Records drawn from a dataset:

* * * * *

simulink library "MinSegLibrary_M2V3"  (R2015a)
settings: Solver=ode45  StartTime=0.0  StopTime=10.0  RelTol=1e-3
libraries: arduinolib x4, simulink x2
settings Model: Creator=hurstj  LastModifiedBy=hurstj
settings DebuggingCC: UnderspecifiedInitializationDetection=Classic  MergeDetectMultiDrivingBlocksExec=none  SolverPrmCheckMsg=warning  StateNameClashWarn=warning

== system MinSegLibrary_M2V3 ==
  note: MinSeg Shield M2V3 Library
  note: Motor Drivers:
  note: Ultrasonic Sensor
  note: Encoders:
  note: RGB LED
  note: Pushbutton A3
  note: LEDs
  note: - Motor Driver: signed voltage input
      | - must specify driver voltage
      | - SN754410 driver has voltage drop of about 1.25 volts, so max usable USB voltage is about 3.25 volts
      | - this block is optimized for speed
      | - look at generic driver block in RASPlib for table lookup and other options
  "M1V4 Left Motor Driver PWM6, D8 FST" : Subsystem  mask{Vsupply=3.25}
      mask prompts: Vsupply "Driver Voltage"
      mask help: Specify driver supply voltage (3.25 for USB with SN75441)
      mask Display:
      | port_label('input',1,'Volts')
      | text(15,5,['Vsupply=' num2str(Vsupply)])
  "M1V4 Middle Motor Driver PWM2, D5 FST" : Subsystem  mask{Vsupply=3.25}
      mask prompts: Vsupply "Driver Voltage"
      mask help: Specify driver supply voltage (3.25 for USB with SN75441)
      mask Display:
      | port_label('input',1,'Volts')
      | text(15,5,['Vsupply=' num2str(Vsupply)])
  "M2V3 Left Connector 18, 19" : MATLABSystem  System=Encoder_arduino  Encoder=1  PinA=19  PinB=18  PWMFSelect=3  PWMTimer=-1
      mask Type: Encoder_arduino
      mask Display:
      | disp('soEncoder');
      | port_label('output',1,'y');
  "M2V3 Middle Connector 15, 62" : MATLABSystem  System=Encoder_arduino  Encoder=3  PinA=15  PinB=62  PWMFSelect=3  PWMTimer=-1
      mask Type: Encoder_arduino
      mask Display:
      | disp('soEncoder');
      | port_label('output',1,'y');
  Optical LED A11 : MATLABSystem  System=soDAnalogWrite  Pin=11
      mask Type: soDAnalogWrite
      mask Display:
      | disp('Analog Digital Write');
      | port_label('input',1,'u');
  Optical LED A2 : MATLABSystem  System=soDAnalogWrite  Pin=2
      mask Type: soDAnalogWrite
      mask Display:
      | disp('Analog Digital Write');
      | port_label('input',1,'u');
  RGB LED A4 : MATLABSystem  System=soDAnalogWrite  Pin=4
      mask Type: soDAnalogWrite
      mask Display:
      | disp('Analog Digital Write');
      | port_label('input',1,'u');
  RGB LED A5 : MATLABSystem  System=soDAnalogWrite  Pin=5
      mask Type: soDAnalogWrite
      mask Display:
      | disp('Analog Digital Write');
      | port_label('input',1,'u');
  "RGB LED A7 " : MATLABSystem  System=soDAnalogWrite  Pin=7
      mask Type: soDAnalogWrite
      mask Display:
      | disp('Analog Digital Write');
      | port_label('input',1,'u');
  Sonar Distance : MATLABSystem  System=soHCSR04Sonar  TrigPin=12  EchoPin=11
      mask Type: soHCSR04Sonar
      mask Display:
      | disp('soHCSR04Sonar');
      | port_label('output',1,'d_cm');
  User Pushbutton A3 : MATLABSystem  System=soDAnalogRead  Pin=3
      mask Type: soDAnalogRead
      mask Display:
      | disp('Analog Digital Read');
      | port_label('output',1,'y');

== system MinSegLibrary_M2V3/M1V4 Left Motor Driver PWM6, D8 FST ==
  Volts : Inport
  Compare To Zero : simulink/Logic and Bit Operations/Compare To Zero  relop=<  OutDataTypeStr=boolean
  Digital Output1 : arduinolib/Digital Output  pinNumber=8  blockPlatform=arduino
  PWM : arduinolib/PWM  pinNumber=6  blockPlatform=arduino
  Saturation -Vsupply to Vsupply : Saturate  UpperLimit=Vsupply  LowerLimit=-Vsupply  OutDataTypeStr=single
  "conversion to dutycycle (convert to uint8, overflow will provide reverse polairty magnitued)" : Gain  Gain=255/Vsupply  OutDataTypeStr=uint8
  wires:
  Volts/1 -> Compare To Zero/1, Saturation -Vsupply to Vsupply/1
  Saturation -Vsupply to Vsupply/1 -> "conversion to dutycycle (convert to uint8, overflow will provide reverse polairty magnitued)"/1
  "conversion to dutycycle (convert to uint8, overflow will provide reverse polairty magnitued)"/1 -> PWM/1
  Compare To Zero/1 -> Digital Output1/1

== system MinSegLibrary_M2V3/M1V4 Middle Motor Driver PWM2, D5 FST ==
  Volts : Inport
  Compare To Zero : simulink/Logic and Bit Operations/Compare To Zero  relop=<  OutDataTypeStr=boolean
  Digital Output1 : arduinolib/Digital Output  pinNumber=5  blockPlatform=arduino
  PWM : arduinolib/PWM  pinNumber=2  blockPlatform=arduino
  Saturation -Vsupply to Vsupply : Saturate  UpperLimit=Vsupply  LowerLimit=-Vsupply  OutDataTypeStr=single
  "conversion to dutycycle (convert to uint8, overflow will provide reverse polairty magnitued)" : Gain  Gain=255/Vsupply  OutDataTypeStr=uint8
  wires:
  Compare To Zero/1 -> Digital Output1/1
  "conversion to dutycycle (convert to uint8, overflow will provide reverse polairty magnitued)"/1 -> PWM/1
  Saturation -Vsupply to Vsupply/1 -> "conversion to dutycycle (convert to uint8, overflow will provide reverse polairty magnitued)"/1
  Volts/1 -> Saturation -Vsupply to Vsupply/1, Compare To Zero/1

* * * * *

▶ [Description of the task]: What is needed is an exact transcription of all the data.

▶ [Exercise solution]:
simulink library "MinSegLibrary_M2V3"  (R2015a)
settings: Solver=ode45  StartTime=0.0  StopTime=10.0  RelTol=1e-3
libraries: arduinolib x4, simulink x2
settings Model: Creator=hurstj  LastModifiedBy=hurstj
settings DebuggingCC: UnderspecifiedInitializationDetection=Classic  MergeDetectMultiDrivingBlocksExec=none  SolverPrmCheckMsg=warning  StateNameClashWarn=warning

== system MinSegLibrary_M2V3 ==
  note: MinSeg Shield M2V3 Library
  note: Motor Drivers:
  note: Ultrasonic Sensor
  note: Encoders:
  note: RGB LED
  note: Pushbutton A3
  note: LEDs
  note: - Motor Driver: signed voltage input
      | - must specify driver voltage
      | - SN754410 driver has voltage drop of about 1.25 volts, so max usable USB voltage is about 3.25 volts
      | - this block is optimized for speed
      | - look at generic driver block in RASPlib for table lookup and other options
  "M1V4 Left Motor Driver PWM6, D8 FST" : Subsystem  mask{Vsupply=3.25}
      mask prompts: Vsupply "Driver Voltage"
      mask help: Specify driver supply voltage (3.25 for USB with SN75441)
      mask Display:
      | port_label('input',1,'Volts')
      | text(15,5,['Vsupply=' num2str(Vsupply)])
  "M1V4 Middle Motor Driver PWM2, D5 FST" : Subsystem  mask{Vsupply=3.25}
      mask prompts: Vsupply "Driver Voltage"
      mask help: Specify driver supply voltage (3.25 for USB with SN75441)
      mask Display:
      | port_label('input',1,'Volts')
      | text(15,5,['Vsupply=' num2str(Vsupply)])
  "M2V3 Left Connector 18, 19" : MATLABSystem  System=Encoder_arduino  Encoder=1  PinA=19  PinB=18  PWMFSelect=3  PWMTimer=-1
      mask Type: Encoder_arduino
      mask Display:
      | disp('soEncoder');
      | port_label('output',1,'y');
  "M2V3 Middle Connector 15, 62" : MATLABSystem  System=Encoder_arduino  Encoder=3  PinA=15  PinB=62  PWMFSelect=3  PWMTimer=-1
      mask Type: Encoder_arduino
      mask Display:
      | disp('soEncoder');
      | port_label('output',1,'y');
  Optical LED A11 : MATLABSystem  System=soDAnalogWrite  Pin=11
      mask Type: soDAnalogWrite
      mask Display:
      | disp('Analog Digital Write');
      | port_label('input',1,'u');
  Optical LED A2 : MATLABSystem  System=soDAnalogWrite  Pin=2
      mask Type: soDAnalogWrite
      mask Display:
      | disp('Analog Digital Write');
      | port_label('input',1,'u');
  RGB LED A4 : MATLABSystem  System=soDAnalogWrite  Pin=4
      mask Type: soDAnalogWrite
      mask Display:
      | disp('Analog Digital Write');
      | port_label('input',1,'u');
  RGB LED A5 : MATLABSystem  System=soDAnalogWrite  Pin=5
      mask Type: soDAnalogWrite
      mask Display:
      | disp('Analog Digital Write');
      | port_label('input',1,'u');
  "RGB LED A7 " : MATLABSystem  System=soDAnalogWrite  Pin=7
      mask Type: soDAnalogWrite
      mask Display:
      | disp('Analog Digital Write');
      | port_label('input',1,'u');
  Sonar Distance : MATLABSystem  System=soHCSR04Sonar  TrigPin=12  EchoPin=11
      mask Type: soHCSR04Sonar
      mask Display:
      | disp('soHCSR04Sonar');
      | port_label('output',1,'d_cm');
  User Pushbutton A3 : MATLABSystem  System=soDAnalogRead  Pin=3
      mask Type: soDAnalogRead
      mask Display:
      | disp('Analog Digital Read');
      | port_label('output',1,'y');

== system MinSegLibrary_M2V3/M1V4 Left Motor Driver PWM6, D8 FST ==
  Volts : Inport
  Compare To Zero : simulink/Logic and Bit Operations/Compare To Zero  relop=<  OutDataTypeStr=boolean
  Digital Output1 : arduinolib/Digital Output  pinNumber=8  blockPlatform=arduino
  PWM : arduinolib/PWM  pinNumber=6  blockPlatform=arduino
  Saturation -Vsupply to Vsupply : Saturate  UpperLimit=Vsupply  LowerLimit=-Vsupply  OutDataTypeStr=single
  "conversion to dutycycle (convert to uint8, overflow will provide reverse polairty magnitued)" : Gain  Gain=255/Vsupply  OutDataTypeStr=uint8
  wires:
  Volts/1 -> Compare To Zero/1, Saturation -Vsupply to Vsupply/1
  Saturation -Vsupply to Vsupply/1 -> "conversion to dutycycle (convert to uint8, overflow will provide reverse polairty magnitued)"/1
  "conversion to dutycycle (convert to uint8, overflow will provide reverse polairty magnitued)"/1 -> PWM/1
  Compare To Zero/1 -> Digital Output1/1

== system MinSegLibrary_M2V3/M1V4 Middle Motor Driver PWM2, D5 FST ==
  Volts : Inport
  Compare To Zero : simulink/Logic and Bit Operations/Compare To Zero  relop=<  OutDataTypeStr=boolean
  Digital Output1 : arduinolib/Digital Output  pinNumber=5  blockPlatform=arduino
  PWM : arduinolib/PWM  pinNumber=2  blockPlatform=arduino
  Saturation -Vsupply to Vsupply : Saturate  UpperLimit=Vsupply  LowerLimit=-Vsupply  OutDataTypeStr=single
  "conversion to dutycycle (convert to uint8, overflow will provide reverse polairty magnitued)" : Gain  Gain=255/Vsupply  OutDataTypeStr=uint8
  wires:
  Compare To Zero/1 -> Digital Output1/1
  "conversion to dutycycle (convert to uint8, overflow will provide reverse polairty magnitued)"/1 -> PWM/1
  Saturation -Vsupply to Vsupply/1 -> "conversion to dutycycle (convert to uint8, overflow will provide reverse polairty magnitued)"/1
  Volts/1 -> Saturation -Vsupply to Vsupply/1, Compare To Zero/1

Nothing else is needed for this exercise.